An efficient error compensation method for coordinated CNC five-axis machine tools

The paper introduces a new automatic drilling and riveting system for aircraft assembly which is composed of two five-axis machine tools in coordination. As a dual-machine system, relative position and orientation accuracy of coordinated machines is the decisive factor for high fastening quality. Considering all static/quasi-static error sources deteriorating relative positioning accuracy, an effective error compensation method which consists of a new error prediction model and an error compensation strategy is proposed for coordinated five-axis machines. Based on the decomposition concept, the coordinated workspace of dual machines is described as the superposition of the coordinated workspace of prismatic joints (CWP) and the coordinated workspace of revolute joints (CWR). They are separated to study the influence on the objective error, and a combined interpolation algorithm based on the shape functions is proposed for error prediction, which can avoid the curse of dimensionality essentially and be efficient to predict the relative position and orientation errors at any desired pose in the coordinated workspace of dual machines.

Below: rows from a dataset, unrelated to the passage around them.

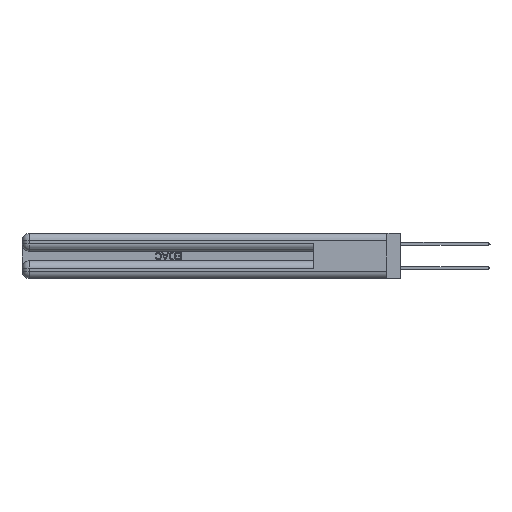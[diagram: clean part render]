
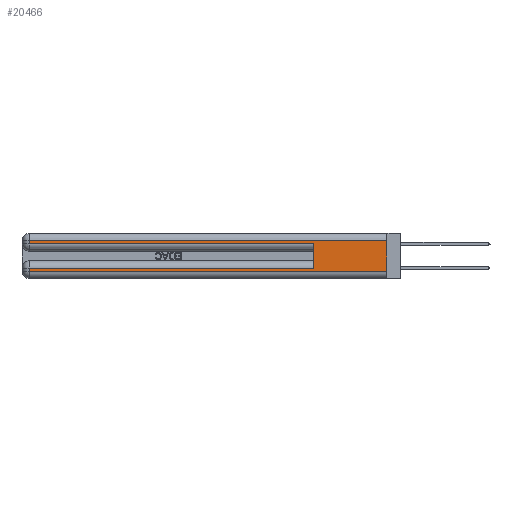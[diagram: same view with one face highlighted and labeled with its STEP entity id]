
A CAD part, left-side view. The second image highlights one B-rep face of the part: STEP entity #20466.
In plain terms, the highlighted planar face has unit normal (-1, 0, 0).
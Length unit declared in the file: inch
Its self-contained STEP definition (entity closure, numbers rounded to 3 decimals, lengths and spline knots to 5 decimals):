
#571 = AXIS2_PLACEMENT_3D ( 'NONE', #20671, #43592, #28423 ) ;
#1746 = EDGE_CURVE ( 'NONE', #24365, #16380, #2380, .T. ) ;
#1945 = LINE ( 'NONE', #21873, #41634 ) ;
#2380 = LINE ( 'NONE', #33499, #31855 ) ;
#2503 = CARTESIAN_POINT ( 'NONE',  ( 0., 0.6, 0.145 ) ) ;
#2512 = CARTESIAN_POINT ( 'NONE',  ( 0., 0., 0.31 ) ) ;
#2543 = FACE_OUTER_BOUND ( 'NONE', #36491, .T. ) ;
#3277 = CARTESIAN_POINT ( 'NONE',  ( 0., 2.94, 0.37 ) ) ;
#3689 = VECTOR ( 'NONE', #33280, 39.37008 ) ;
#4767 = EDGE_CURVE ( 'NONE', #44264, #25625, #1945, .T. ) ;
#5038 = DIRECTION ( 'NONE',  ( 0., -1., 0. ) ) ;
#5116 = ORIENTED_EDGE ( 'NONE', *, *, #8733, .F. ) ;
#6117 = CARTESIAN_POINT ( 'NONE',  ( 0., 2.94, 0.085 ) ) ;
#7161 = VECTOR ( 'NONE', #11632, 39.37008 ) ;
#8140 = DIRECTION ( 'NONE',  ( 0., 0., -1. ) ) ;
#8733 = EDGE_CURVE ( 'NONE', #25014, #23900, #18925, .T. ) ;
#8743 = VECTOR ( 'NONE', #42622, 39.37008 ) ;
#11632 = DIRECTION ( 'NONE',  ( 0., 1., 0. ) ) ;
#12495 = ORIENTED_EDGE ( 'NONE', *, *, #34601, .T. ) ;
#12717 = CARTESIAN_POINT ( 'NONE',  ( 0., 0., 0.06 ) ) ;
#14258 = ORIENTED_EDGE ( 'NONE', *, *, #1746, .T. ) ;
#15350 = CARTESIAN_POINT ( 'NONE',  ( 0., 0., 0.085 ) ) ;
#16380 = VERTEX_POINT ( 'NONE', #36220 ) ;
#17050 = CARTESIAN_POINT ( 'NONE',  ( 0., 0.6, 0.085 ) ) ;
#18460 = ORIENTED_EDGE ( 'NONE', *, *, #24096, .T. ) ;
#18925 = LINE ( 'NONE', #31182, #30390 ) ;
#19506 = VERTEX_POINT ( 'NONE', #38877 ) ;
#19805 = LINE ( 'NONE', #12717, #39107 ) ;
#20466 = ADVANCED_FACE ( 'NONE', ( #2543 ), #24532, .F. ) ;
#20671 = CARTESIAN_POINT ( 'NONE',  ( 0., 0., 0.37 ) ) ;
#21873 = CARTESIAN_POINT ( 'NONE',  ( 0., 0., 0.285 ) ) ;
#23900 = VERTEX_POINT ( 'NONE', #41611 ) ;
#24096 = EDGE_CURVE ( 'NONE', #25014, #19506, #38226, .T. ) ;
#24365 = VERTEX_POINT ( 'NONE', #6117 ) ;
#24532 = PLANE ( 'NONE',  #571 ) ;
#25014 = VERTEX_POINT ( 'NONE', #2512 ) ;
#25625 = VERTEX_POINT ( 'NONE', #29002 ) ;
#25756 = CARTESIAN_POINT ( 'NONE',  ( 0., 2.94, 0.285 ) ) ;
#26269 = ORIENTED_EDGE ( 'NONE', *, *, #41056, .T. ) ;
#26653 = VECTOR ( 'NONE', #37893, 39.37008 ) ;
#27708 = EDGE_CURVE ( 'NONE', #16380, #23900, #19805, .T. ) ;
#27846 = LINE ( 'NONE', #3277, #26653 ) ;
#28423 = DIRECTION ( 'NONE',  ( 0., 0., -1. ) ) ;
#28815 = LINE ( 'NONE', #15350, #7161 ) ;
#29002 = CARTESIAN_POINT ( 'NONE',  ( 0., 0.6, 0.285 ) ) ;
#29587 = DIRECTION ( 'NONE',  ( 0., 0., -1. ) ) ;
#30390 = VECTOR ( 'NONE', #8140, 39.37008 ) ;
#31182 = CARTESIAN_POINT ( 'NONE',  ( 0., 0., 0.37 ) ) ;
#31855 = VECTOR ( 'NONE', #29587, 39.37008 ) ;
#33280 = DIRECTION ( 'NONE',  ( 0., 0., 1. ) ) ;
#33499 = CARTESIAN_POINT ( 'NONE',  ( 0., 2.94, 0.37 ) ) ;
#33541 = DIRECTION ( 'NONE',  ( 0., -1., 0. ) ) ;
#34601 = EDGE_CURVE ( 'NONE', #19506, #44264, #27846, .T. ) ;
#36220 = CARTESIAN_POINT ( 'NONE',  ( 0., 2.94, 0.06 ) ) ;
#36276 = VERTEX_POINT ( 'NONE', #17050 ) ;
#36491 = EDGE_LOOP ( 'NONE', ( #5116, #18460, #12495, #44350, #48536, #26269, #14258, #48025 ) ) ;
#37893 = DIRECTION ( 'NONE',  ( 0., 0., -1. ) ) ;
#38226 = LINE ( 'NONE', #43121, #8743 ) ;
#38877 = CARTESIAN_POINT ( 'NONE',  ( 0., 2.94, 0.31 ) ) ;
#39107 = VECTOR ( 'NONE', #5038, 39.37008 ) ;
#39806 = EDGE_CURVE ( 'NONE', #36276, #25625, #44625, .T. ) ;
#41056 = EDGE_CURVE ( 'NONE', #36276, #24365, #28815, .T. ) ;
#41611 = CARTESIAN_POINT ( 'NONE',  ( 0., 0., 0.06 ) ) ;
#41634 = VECTOR ( 'NONE', #33541, 39.37008 ) ;
#42622 = DIRECTION ( 'NONE',  ( 0., 1., 0. ) ) ;
#43121 = CARTESIAN_POINT ( 'NONE',  ( 0., 0., 0.31 ) ) ;
#43592 = DIRECTION ( 'NONE',  ( 1., 0., 0. ) ) ;
#44264 = VERTEX_POINT ( 'NONE', #25756 ) ;
#44350 = ORIENTED_EDGE ( 'NONE', *, *, #4767, .T. ) ;
#44625 = LINE ( 'NONE', #2503, #3689 ) ;
#48025 = ORIENTED_EDGE ( 'NONE', *, *, #27708, .T. ) ;
#48536 = ORIENTED_EDGE ( 'NONE', *, *, #39806, .F. ) ;

For the error compensation of dual-machine system, a basic strategy is proposed which is to take the position and orientation of the driving machine as the reference and compensate the predicted error for the driven machine through the motion commands modification. To verify the feasibility of proposed method, experiments have been performed on the developed dual-machine system with different error compensation methods. The results show that the proposed method is more efficient which needs less time for sampled data measurement and calculation, and the relative positioning accuracy of the compensated dual-machine system is improved to 0.072 mm and 0.017 degrees which meet the requirements for automatic drilling and riveting in aircraft assembly.